Source data
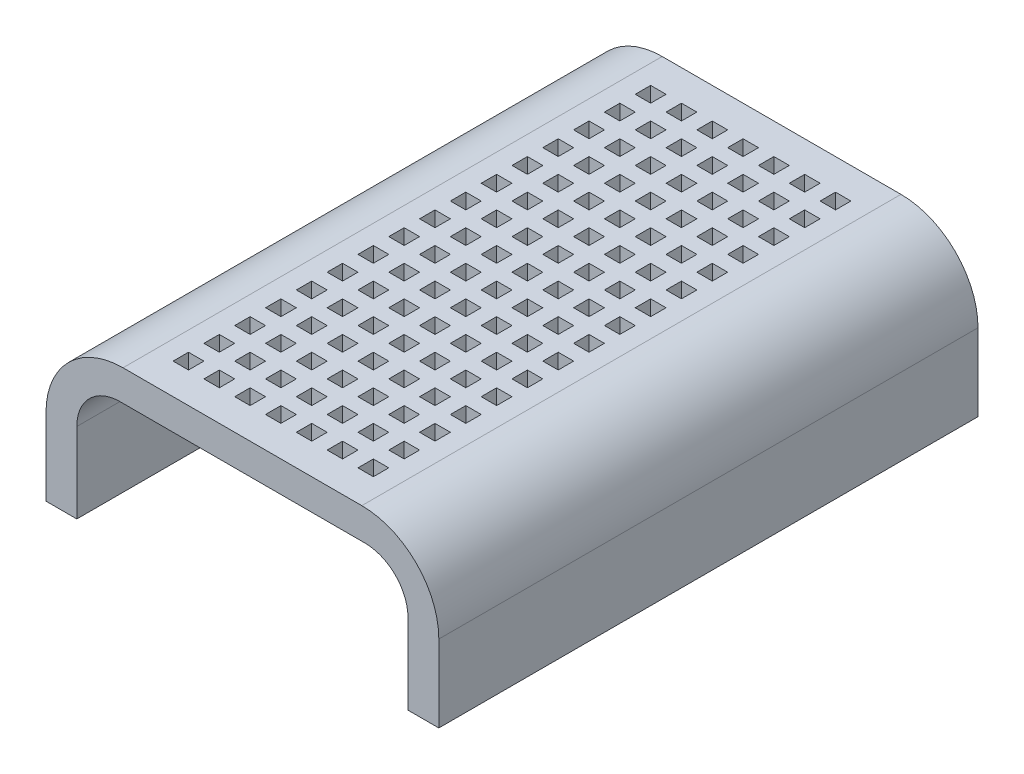
from build123d import *

# Parameters (mm, degrees)
BOSS_EXTRU_2_DEPTH      = 35
ESQUISSE2_W             = 21.5
ESQUISSE2_H             = 8
ENL_V_MAT_EXTRU_1_DEPTH = 35
CONG_1_R                = 2.8
ESQUISSE3_W             = 1
ESQUISSE3_H             = 1
ENL_V_MAT_EXTRU_2_DEPTH = 2


with BuildPart() as part:
    # Esquisse1 → Boss.-Extru.2 (new body)
    with BuildSketch(Plane.XY):
        with BuildLine():
            Line((-6.912408759, 2), (8.587591241, 2))
            ThreePointArc((8.587591241, 2), (12.123125147, 0.535533906), (13.587591241, -3))
            Line((13.587591241, -3), (13.587591241, -8))
            Line((13.587591241, -8), (-11.912408759, -8))
            Line((-11.912408759, -8), (-11.912408759, -3))
            ThreePointArc((-11.912408759, -3), (-10.447942665, 0.535533906), (-6.912408759, 2))
        make_face()
    extrude(amount=-BOSS_EXTRU_2_DEPTH)

    # Esquisse2 → Enlèv. mat.-Extru.1 (cut)
    with BuildSketch(Plane.XY):
        with Locations((0.837591241, -4)):
            Rectangle(ESQUISSE2_W, ESQUISSE2_H)
    extrude(amount=-ENL_V_MAT_EXTRU_1_DEPTH, mode=Mode.SUBTRACT)

    # Congé1
    cong_1_edges = [part.edges().sort_by_distance(p)[0] for p in [
        (11.587591241, 0, -17.5),
        (-9.912408759, 0, -17.5),
    ]]
    fillet(cong_1_edges, radius=CONG_1_R)

    # Esquisse3 → Enlèv. mat.-Extru.2 (cut)
    with BuildSketch(Plane(origin=(0, 2, 0), x_dir=(1, 0, 0), z_dir=(0, 1, 0))):
        with Locations((-5.162408759, 32.5)):
            Rectangle(ESQUISSE3_W, ESQUISSE3_H)
        with Locations((-3.162408759, 32.5)):
            Rectangle(ESQUISSE3_W, ESQUISSE3_H)
        with Locations((-1.162408759, 32.5)):
            Rectangle(ESQUISSE3_W, ESQUISSE3_H)
        with Locations((0.837591241, 32.5)):
            Rectangle(ESQUISSE3_W, ESQUISSE3_H)
        with Locations((2.837591241, 32.5)):
            Rectangle(ESQUISSE3_W, ESQUISSE3_H)
        with Locations((4.837591241, 32.5)):
            Rectangle(ESQUISSE3_W, ESQUISSE3_H)
        with Locations((6.837591241, 32.5)):
            Rectangle(ESQUISSE3_W, ESQUISSE3_H)
        with Locations((-3.162408759, 30.5)):
            Rectangle(ESQUISSE3_W, ESQUISSE3_H)
        with Locations((-1.162408759, 30.5)):
            Rectangle(ESQUISSE3_W, ESQUISSE3_H)
        with Locations((0.837591241, 30.5)):
            Rectangle(ESQUISSE3_W, ESQUISSE3_H)
        with Locations((2.837591241, 30.5)):
            Rectangle(ESQUISSE3_W, ESQUISSE3_H)
        with Locations((4.837591241, 30.5)):
            Rectangle(ESQUISSE3_W, ESQUISSE3_H)
        with Locations((6.837591241, 30.5)):
            Rectangle(ESQUISSE3_W, ESQUISSE3_H)
        with Locations((-3.162408759, 28.5)):
            Rectangle(ESQUISSE3_W, ESQUISSE3_H)
        with Locations((-1.162408759, 28.5)):
            Rectangle(ESQUISSE3_W, ESQUISSE3_H)
        with Locations((0.837591241, 28.5)):
            Rectangle(ESQUISSE3_W, ESQUISSE3_H)
        with Locations((2.837591241, 28.5)):
            Rectangle(ESQUISSE3_W, ESQUISSE3_H)
        with Locations((4.837591241, 28.5)):
            Rectangle(ESQUISSE3_W, ESQUISSE3_H)
        with Locations((6.837591241, 28.5)):
            Rectangle(ESQUISSE3_W, ESQUISSE3_H)
        with Locations((-3.162408759, 26.5)):
            Rectangle(ESQUISSE3_W, ESQUISSE3_H)
        with Locations((-1.162408759, 26.5)):
            Rectangle(ESQUISSE3_W, ESQUISSE3_H)
        with Locations((0.837591241, 26.5)):
            Rectangle(ESQUISSE3_W, ESQUISSE3_H)
        with Locations((2.837591241, 26.5)):
            Rectangle(ESQUISSE3_W, ESQUISSE3_H)
        with Locations((4.837591241, 26.5)):
            Rectangle(ESQUISSE3_W, ESQUISSE3_H)
        with Locations((6.837591241, 26.5)):
            Rectangle(ESQUISSE3_W, ESQUISSE3_H)
        with Locations((-3.162408759, 24.5)):
            Rectangle(ESQUISSE3_W, ESQUISSE3_H)
        with Locations((-1.162408759, 24.5)):
            Rectangle(ESQUISSE3_W, ESQUISSE3_H)
        with Locations((0.837591241, 24.5)):
            Rectangle(ESQUISSE3_W, ESQUISSE3_H)
        with Locations((2.837591241, 24.5)):
            Rectangle(ESQUISSE3_W, ESQUISSE3_H)
        with Locations((4.837591241, 24.5)):
            Rectangle(ESQUISSE3_W, ESQUISSE3_H)
        with Locations((6.837591241, 24.5)):
            Rectangle(ESQUISSE3_W, ESQUISSE3_H)
        with Locations((-3.162408759, 22.5)):
            Rectangle(ESQUISSE3_W, ESQUISSE3_H)
        with Locations((-1.162408759, 22.5)):
            Rectangle(ESQUISSE3_W, ESQUISSE3_H)
        with Locations((0.837591241, 22.5)):
            Rectangle(ESQUISSE3_W, ESQUISSE3_H)
        with Locations((2.837591241, 22.5)):
            Rectangle(ESQUISSE3_W, ESQUISSE3_H)
        with Locations((4.837591241, 22.5)):
            Rectangle(ESQUISSE3_W, ESQUISSE3_H)
        with Locations((6.837591241, 22.5)):
            Rectangle(ESQUISSE3_W, ESQUISSE3_H)
        with Locations((-3.162408759, 20.5)):
            Rectangle(ESQUISSE3_W, ESQUISSE3_H)
        with Locations((-1.162408759, 20.5)):
            Rectangle(ESQUISSE3_W, ESQUISSE3_H)
        with Locations((0.837591241, 20.5)):
            Rectangle(ESQUISSE3_W, ESQUISSE3_H)
        with Locations((2.837591241, 20.5)):
            Rectangle(ESQUISSE3_W, ESQUISSE3_H)
        with Locations((4.837591241, 20.5)):
            Rectangle(ESQUISSE3_W, ESQUISSE3_H)
        with Locations((6.837591241, 20.5)):
            Rectangle(ESQUISSE3_W, ESQUISSE3_H)
        with Locations((-3.162408759, 18.5)):
            Rectangle(ESQUISSE3_W, ESQUISSE3_H)
        with Locations((-1.162408759, 18.5)):
            Rectangle(ESQUISSE3_W, ESQUISSE3_H)
        with Locations((0.837591241, 18.5)):
            Rectangle(ESQUISSE3_W, ESQUISSE3_H)
        with Locations((2.837591241, 18.5)):
            Rectangle(ESQUISSE3_W, ESQUISSE3_H)
        with Locations((4.837591241, 18.5)):
            Rectangle(ESQUISSE3_W, ESQUISSE3_H)
        with Locations((6.837591241, 18.5)):
            Rectangle(ESQUISSE3_W, ESQUISSE3_H)
        with Locations((-3.162408759, 16.5)):
            Rectangle(ESQUISSE3_W, ESQUISSE3_H)
        with Locations((-1.162408759, 16.5)):
            Rectangle(ESQUISSE3_W, ESQUISSE3_H)
        with Locations((0.837591241, 16.5)):
            Rectangle(ESQUISSE3_W, ESQUISSE3_H)
        with Locations((2.837591241, 16.5)):
            Rectangle(ESQUISSE3_W, ESQUISSE3_H)
        with Locations((4.837591241, 16.5)):
            Rectangle(ESQUISSE3_W, ESQUISSE3_H)
        with Locations((6.837591241, 16.5)):
            Rectangle(ESQUISSE3_W, ESQUISSE3_H)
        with Locations((-3.162408759, 14.5)):
            Rectangle(ESQUISSE3_W, ESQUISSE3_H)
        with Locations((-1.162408759, 14.5)):
            Rectangle(ESQUISSE3_W, ESQUISSE3_H)
        with Locations((0.837591241, 14.5)):
            Rectangle(ESQUISSE3_W, ESQUISSE3_H)
        with Locations((2.837591241, 14.5)):
            Rectangle(ESQUISSE3_W, ESQUISSE3_H)
        with Locations((4.837591241, 14.5)):
            Rectangle(ESQUISSE3_W, ESQUISSE3_H)
        with Locations((6.837591241, 14.5)):
            Rectangle(ESQUISSE3_W, ESQUISSE3_H)
        with Locations((-3.162408759, 12.5)):
            Rectangle(ESQUISSE3_W, ESQUISSE3_H)
        with Locations((-1.162408759, 12.5)):
            Rectangle(ESQUISSE3_W, ESQUISSE3_H)
        with Locations((0.837591241, 12.5)):
            Rectangle(ESQUISSE3_W, ESQUISSE3_H)
        with Locations((2.837591241, 12.5)):
            Rectangle(ESQUISSE3_W, ESQUISSE3_H)
        with Locations((4.837591241, 12.5)):
            Rectangle(ESQUISSE3_W, ESQUISSE3_H)
        with Locations((6.837591241, 12.5)):
            Rectangle(ESQUISSE3_W, ESQUISSE3_H)
        with Locations((-3.162408759, 10.5)):
            Rectangle(ESQUISSE3_W, ESQUISSE3_H)
        with Locations((-1.162408759, 10.5)):
            Rectangle(ESQUISSE3_W, ESQUISSE3_H)
        with Locations((0.837591241, 10.5)):
            Rectangle(ESQUISSE3_W, ESQUISSE3_H)
        with Locations((2.837591241, 10.5)):
            Rectangle(ESQUISSE3_W, ESQUISSE3_H)
        with Locations((4.837591241, 10.5)):
            Rectangle(ESQUISSE3_W, ESQUISSE3_H)
        with Locations((6.837591241, 10.5)):
            Rectangle(ESQUISSE3_W, ESQUISSE3_H)
        with Locations((-3.162408759, 8.5)):
            Rectangle(ESQUISSE3_W, ESQUISSE3_H)
        with Locations((-1.162408759, 8.5)):
            Rectangle(ESQUISSE3_W, ESQUISSE3_H)
        with Locations((0.837591241, 8.5)):
            Rectangle(ESQUISSE3_W, ESQUISSE3_H)
        with Locations((2.837591241, 8.5)):
            Rectangle(ESQUISSE3_W, ESQUISSE3_H)
        with Locations((4.837591241, 8.5)):
            Rectangle(ESQUISSE3_W, ESQUISSE3_H)
        with Locations((6.837591241, 8.5)):
            Rectangle(ESQUISSE3_W, ESQUISSE3_H)
        with Locations((-3.162408759, 6.5)):
            Rectangle(ESQUISSE3_W, ESQUISSE3_H)
        with Locations((-1.162408759, 6.5)):
            Rectangle(ESQUISSE3_W, ESQUISSE3_H)
        with Locations((0.837591241, 6.5)):
            Rectangle(ESQUISSE3_W, ESQUISSE3_H)
        with Locations((2.837591241, 6.5)):
            Rectangle(ESQUISSE3_W, ESQUISSE3_H)
        with Locations((4.837591241, 6.5)):
            Rectangle(ESQUISSE3_W, ESQUISSE3_H)
        with Locations((6.837591241, 6.5)):
            Rectangle(ESQUISSE3_W, ESQUISSE3_H)
        with Locations((-3.162408759, 4.5)):
            Rectangle(ESQUISSE3_W, ESQUISSE3_H)
        with Locations((-1.162408759, 4.5)):
            Rectangle(ESQUISSE3_W, ESQUISSE3_H)
        with Locations((0.837591241, 4.5)):
            Rectangle(ESQUISSE3_W, ESQUISSE3_H)
        with Locations((2.837591241, 4.5)):
            Rectangle(ESQUISSE3_W, ESQUISSE3_H)
        with Locations((4.837591241, 4.5)):
            Rectangle(ESQUISSE3_W, ESQUISSE3_H)
        with Locations((6.837591241, 4.5)):
            Rectangle(ESQUISSE3_W, ESQUISSE3_H)
        with Locations((-3.162408759, 2.5)):
            Rectangle(ESQUISSE3_W, ESQUISSE3_H)
        with Locations((-1.162408759, 2.5)):
            Rectangle(ESQUISSE3_W, ESQUISSE3_H)
        with Locations((0.837591241, 2.5)):
            Rectangle(ESQUISSE3_W, ESQUISSE3_H)
        with Locations((2.837591241, 2.5)):
            Rectangle(ESQUISSE3_W, ESQUISSE3_H)
        with Locations((4.837591241, 2.5)):
            Rectangle(ESQUISSE3_W, ESQUISSE3_H)
        with Locations((6.837591241, 2.5)):
            Rectangle(ESQUISSE3_W, ESQUISSE3_H)
        with Locations((-5.162408759, 30.5)):
            Rectangle(ESQUISSE3_W, ESQUISSE3_H)
        with Locations((-5.162408759, 28.5)):
            Rectangle(ESQUISSE3_W, ESQUISSE3_H)
        with Locations((-5.162408759, 26.5)):
            Rectangle(ESQUISSE3_W, ESQUISSE3_H)
        with Locations((-5.162408759, 24.5)):
            Rectangle(ESQUISSE3_W, ESQUISSE3_H)
        with Locations((-5.162408759, 22.5)):
            Rectangle(ESQUISSE3_W, ESQUISSE3_H)
        with Locations((-5.162408759, 20.5)):
            Rectangle(ESQUISSE3_W, ESQUISSE3_H)
        with Locations((-5.162408759, 18.5)):
            Rectangle(ESQUISSE3_W, ESQUISSE3_H)
        with Locations((-5.162408759, 16.5)):
            Rectangle(ESQUISSE3_W, ESQUISSE3_H)
        with Locations((-5.162408759, 14.5)):
            Rectangle(ESQUISSE3_W, ESQUISSE3_H)
        with Locations((-5.162408759, 12.5)):
            Rectangle(ESQUISSE3_W, ESQUISSE3_H)
        with Locations((-5.162408759, 10.5)):
            Rectangle(ESQUISSE3_W, ESQUISSE3_H)
        with Locations((-5.162408759, 8.5)):
            Rectangle(ESQUISSE3_W, ESQUISSE3_H)
        with Locations((-5.162408759, 6.5)):
            Rectangle(ESQUISSE3_W, ESQUISSE3_H)
        with Locations((-5.162408759, 4.5)):
            Rectangle(ESQUISSE3_W, ESQUISSE3_H)
        with Locations((-5.162408759, 2.5)):
            Rectangle(ESQUISSE3_W, ESQUISSE3_H)
    extrude(amount=-ENL_V_MAT_EXTRU_2_DEPTH, mode=Mode.SUBTRACT)


solid = part.part

# [Exercise brief]
Every line in the entries above that has the word "mode" should be identified and copied.

# [Final answer]
    extrude(amount=-ENL_V_MAT_EXTRU_1_DEPTH, mode=Mode.SUBTRACT)
    extrude(amount=-ENL_V_MAT_EXTRU_2_DEPTH, mode=Mode.SUBTRACT)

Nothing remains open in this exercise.